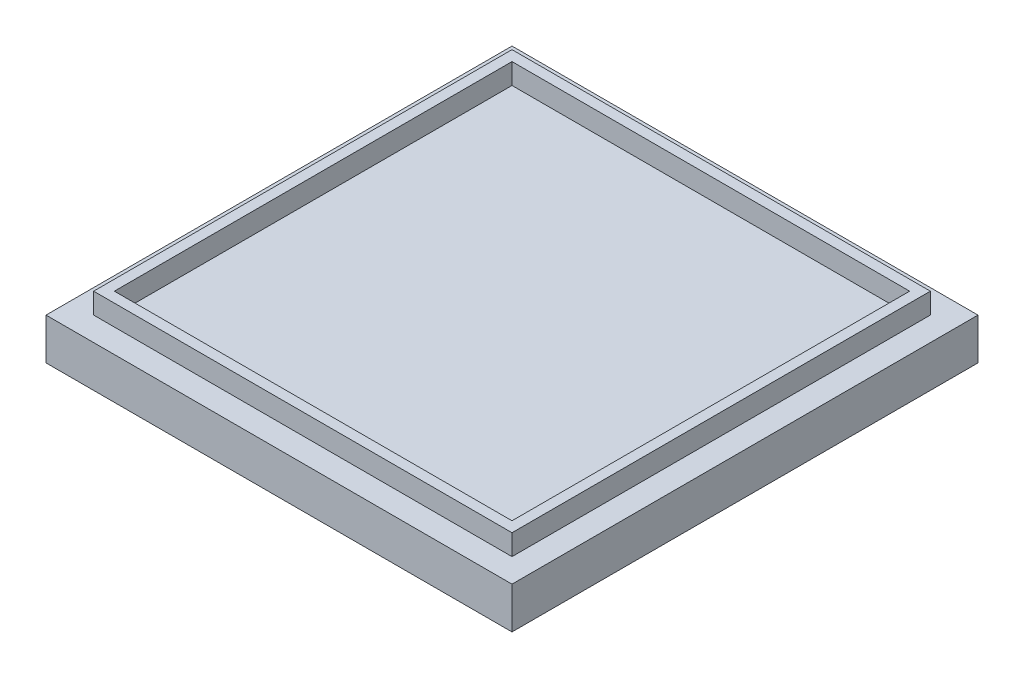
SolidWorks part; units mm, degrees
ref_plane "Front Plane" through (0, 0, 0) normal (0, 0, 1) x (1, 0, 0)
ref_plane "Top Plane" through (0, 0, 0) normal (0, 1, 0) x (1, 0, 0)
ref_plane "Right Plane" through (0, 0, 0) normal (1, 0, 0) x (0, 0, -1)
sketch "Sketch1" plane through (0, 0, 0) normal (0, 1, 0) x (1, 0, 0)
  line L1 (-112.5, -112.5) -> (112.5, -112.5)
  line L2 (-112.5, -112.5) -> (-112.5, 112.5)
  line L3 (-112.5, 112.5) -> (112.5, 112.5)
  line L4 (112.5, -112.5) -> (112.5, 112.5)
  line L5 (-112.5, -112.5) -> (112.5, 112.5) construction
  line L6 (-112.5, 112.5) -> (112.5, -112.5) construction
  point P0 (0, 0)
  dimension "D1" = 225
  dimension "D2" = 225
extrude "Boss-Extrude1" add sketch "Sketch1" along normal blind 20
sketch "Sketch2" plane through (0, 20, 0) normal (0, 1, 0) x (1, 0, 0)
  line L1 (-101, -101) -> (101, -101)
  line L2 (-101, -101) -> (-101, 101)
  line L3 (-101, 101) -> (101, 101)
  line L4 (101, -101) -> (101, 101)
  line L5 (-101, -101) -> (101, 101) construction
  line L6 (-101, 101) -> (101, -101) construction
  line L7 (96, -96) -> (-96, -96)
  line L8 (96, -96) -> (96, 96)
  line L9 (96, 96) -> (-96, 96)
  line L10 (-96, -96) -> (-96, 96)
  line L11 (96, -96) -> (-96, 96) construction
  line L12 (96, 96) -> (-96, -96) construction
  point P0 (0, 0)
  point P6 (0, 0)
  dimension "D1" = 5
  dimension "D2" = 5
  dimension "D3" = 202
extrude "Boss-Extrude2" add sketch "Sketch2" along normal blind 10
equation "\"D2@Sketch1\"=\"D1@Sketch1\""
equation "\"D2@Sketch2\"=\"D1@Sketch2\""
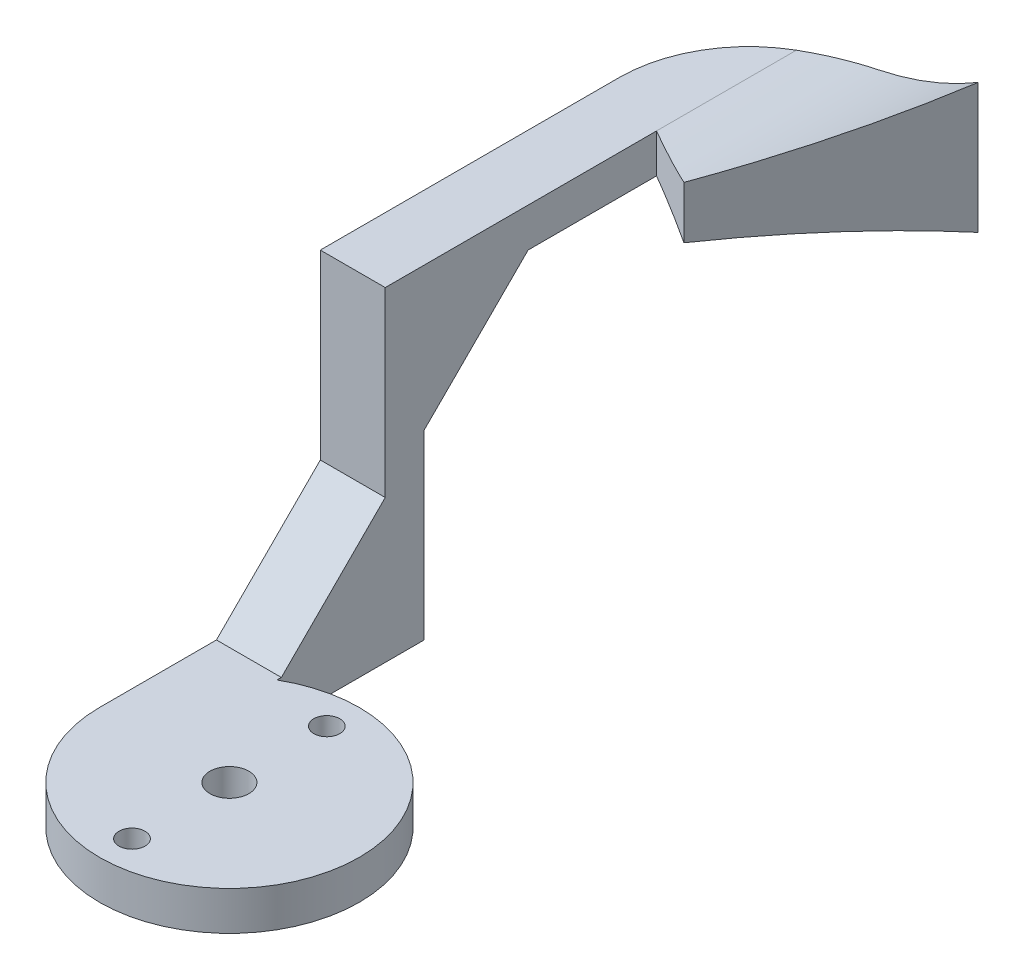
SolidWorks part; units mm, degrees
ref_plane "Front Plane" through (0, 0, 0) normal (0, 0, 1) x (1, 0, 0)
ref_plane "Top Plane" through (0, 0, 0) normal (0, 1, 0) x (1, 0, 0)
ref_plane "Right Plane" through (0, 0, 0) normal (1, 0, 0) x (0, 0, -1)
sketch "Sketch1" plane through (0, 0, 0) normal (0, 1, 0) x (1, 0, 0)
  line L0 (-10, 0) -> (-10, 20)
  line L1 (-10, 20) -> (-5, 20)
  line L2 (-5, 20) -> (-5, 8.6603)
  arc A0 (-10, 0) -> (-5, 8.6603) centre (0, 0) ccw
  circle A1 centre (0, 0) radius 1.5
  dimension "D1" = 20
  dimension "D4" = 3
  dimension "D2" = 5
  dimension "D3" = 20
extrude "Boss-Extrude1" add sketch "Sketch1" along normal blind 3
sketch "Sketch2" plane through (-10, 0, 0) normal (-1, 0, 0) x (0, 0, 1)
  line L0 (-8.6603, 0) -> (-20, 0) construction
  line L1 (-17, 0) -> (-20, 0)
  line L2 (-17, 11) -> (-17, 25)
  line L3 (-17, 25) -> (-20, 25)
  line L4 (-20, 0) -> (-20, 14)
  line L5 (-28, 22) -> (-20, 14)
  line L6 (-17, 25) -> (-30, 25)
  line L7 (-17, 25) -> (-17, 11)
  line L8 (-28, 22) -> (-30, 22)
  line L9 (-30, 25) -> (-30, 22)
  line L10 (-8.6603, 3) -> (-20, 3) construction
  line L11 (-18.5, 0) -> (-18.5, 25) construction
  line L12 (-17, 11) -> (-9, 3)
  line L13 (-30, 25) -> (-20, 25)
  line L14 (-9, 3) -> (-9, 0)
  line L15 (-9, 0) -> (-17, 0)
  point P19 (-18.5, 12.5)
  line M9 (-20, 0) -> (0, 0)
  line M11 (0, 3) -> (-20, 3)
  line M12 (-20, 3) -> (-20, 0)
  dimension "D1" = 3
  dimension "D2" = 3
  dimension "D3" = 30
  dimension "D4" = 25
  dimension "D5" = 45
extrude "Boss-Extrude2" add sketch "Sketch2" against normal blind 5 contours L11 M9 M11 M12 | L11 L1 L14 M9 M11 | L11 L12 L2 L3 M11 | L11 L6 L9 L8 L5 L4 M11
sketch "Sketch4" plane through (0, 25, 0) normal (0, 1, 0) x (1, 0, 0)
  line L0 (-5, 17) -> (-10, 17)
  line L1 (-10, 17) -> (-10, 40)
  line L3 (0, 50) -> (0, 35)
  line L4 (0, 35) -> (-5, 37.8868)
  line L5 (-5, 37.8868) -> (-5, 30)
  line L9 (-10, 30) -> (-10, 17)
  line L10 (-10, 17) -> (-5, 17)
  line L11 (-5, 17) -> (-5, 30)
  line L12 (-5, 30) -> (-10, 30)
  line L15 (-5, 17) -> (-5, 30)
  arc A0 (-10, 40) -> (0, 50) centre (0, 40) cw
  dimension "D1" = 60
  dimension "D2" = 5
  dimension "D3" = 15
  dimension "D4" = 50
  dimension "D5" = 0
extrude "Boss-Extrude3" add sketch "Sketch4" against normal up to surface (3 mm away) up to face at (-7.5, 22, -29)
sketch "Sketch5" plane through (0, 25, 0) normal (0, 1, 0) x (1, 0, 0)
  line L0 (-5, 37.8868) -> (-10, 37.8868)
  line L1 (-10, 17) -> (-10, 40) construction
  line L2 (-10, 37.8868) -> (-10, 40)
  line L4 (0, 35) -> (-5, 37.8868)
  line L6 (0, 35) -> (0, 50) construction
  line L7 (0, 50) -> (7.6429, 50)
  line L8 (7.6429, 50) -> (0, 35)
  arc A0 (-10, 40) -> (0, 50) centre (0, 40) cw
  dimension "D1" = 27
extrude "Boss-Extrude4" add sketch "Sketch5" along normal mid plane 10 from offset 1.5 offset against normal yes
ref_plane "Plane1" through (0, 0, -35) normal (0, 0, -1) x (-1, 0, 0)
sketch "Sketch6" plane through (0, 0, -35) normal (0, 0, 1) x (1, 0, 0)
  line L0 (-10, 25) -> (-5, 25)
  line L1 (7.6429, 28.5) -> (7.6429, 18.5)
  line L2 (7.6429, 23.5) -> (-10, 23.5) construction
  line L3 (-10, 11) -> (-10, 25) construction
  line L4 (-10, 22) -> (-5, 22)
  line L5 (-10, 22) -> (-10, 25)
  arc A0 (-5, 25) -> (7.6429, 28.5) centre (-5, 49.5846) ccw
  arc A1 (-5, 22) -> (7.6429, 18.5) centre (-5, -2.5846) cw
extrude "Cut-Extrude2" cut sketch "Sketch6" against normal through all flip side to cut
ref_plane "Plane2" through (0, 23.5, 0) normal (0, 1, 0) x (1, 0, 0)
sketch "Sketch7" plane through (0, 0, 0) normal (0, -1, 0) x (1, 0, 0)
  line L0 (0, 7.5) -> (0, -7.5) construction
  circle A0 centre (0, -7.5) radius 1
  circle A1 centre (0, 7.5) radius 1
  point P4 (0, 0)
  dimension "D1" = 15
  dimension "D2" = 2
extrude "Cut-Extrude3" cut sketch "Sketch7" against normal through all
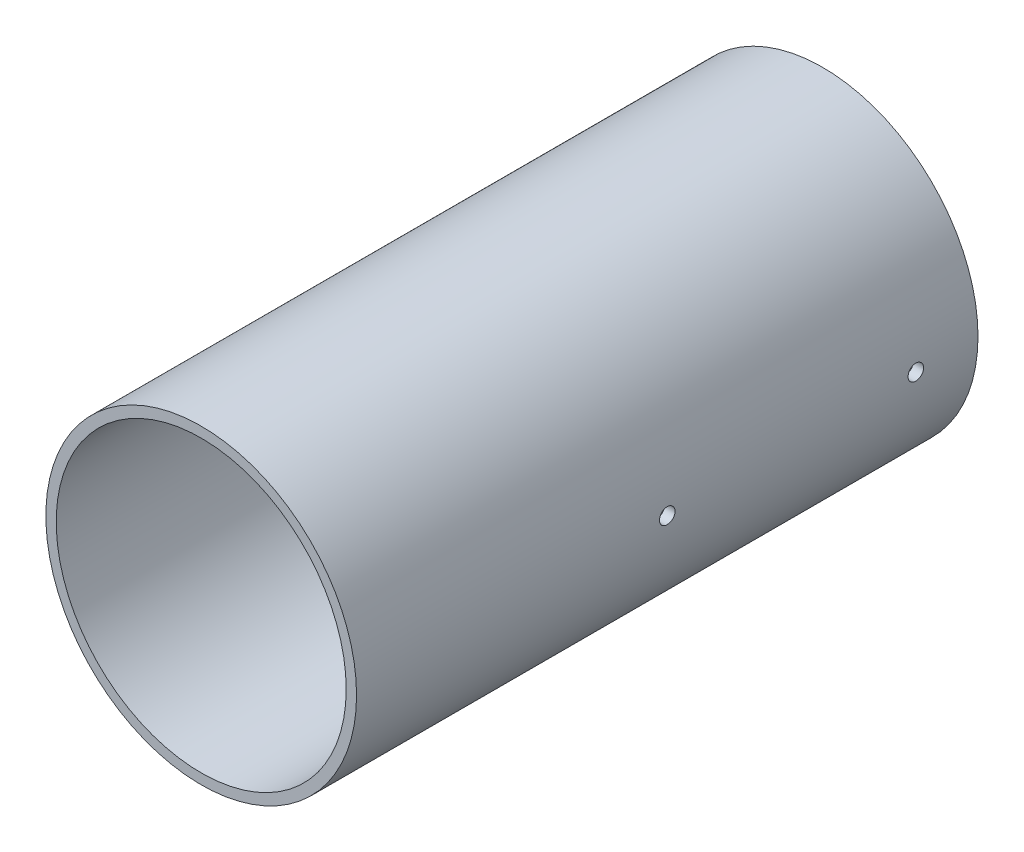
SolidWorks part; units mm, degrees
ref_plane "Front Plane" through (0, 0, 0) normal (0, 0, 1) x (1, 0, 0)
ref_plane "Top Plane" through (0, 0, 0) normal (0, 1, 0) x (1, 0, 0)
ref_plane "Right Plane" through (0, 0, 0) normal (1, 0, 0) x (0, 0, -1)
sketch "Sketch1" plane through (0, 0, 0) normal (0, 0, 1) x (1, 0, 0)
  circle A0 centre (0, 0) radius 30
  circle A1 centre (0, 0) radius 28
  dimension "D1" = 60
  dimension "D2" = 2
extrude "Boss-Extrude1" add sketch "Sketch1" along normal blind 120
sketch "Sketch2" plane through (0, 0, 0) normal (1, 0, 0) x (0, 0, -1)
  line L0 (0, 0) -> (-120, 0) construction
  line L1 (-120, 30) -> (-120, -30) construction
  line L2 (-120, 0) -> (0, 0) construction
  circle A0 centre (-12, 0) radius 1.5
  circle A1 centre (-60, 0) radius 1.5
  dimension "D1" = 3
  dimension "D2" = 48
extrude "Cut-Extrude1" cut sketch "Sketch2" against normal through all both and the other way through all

┄┄┄┄┄┄

◆ **Work request**
Take each line from the preceding material that contains "blind" and copy it.

◆ **Response to this exercise**
extrude "Boss-Extrude1" add sketch "Sketch1" along normal blind 20
extrude "Boss-Extrude2" add sketch "Sketch2" along normal blind 10
extrude "Boss-Extrude1" add sketch "Sketch1" along normal blind 3
extrude "Boss-Extrude2" add sketch "Sketch2" against normal blind 5 contours L11 M9 M11 M12 | L11 L1 L14 M9 M11 | L11 L12 L2 L3 M11 | L11 L6 L9 L8 L5 L4 M11
extrude "Boss-Extrude1" add sketch "Sketch1" along normal blind 120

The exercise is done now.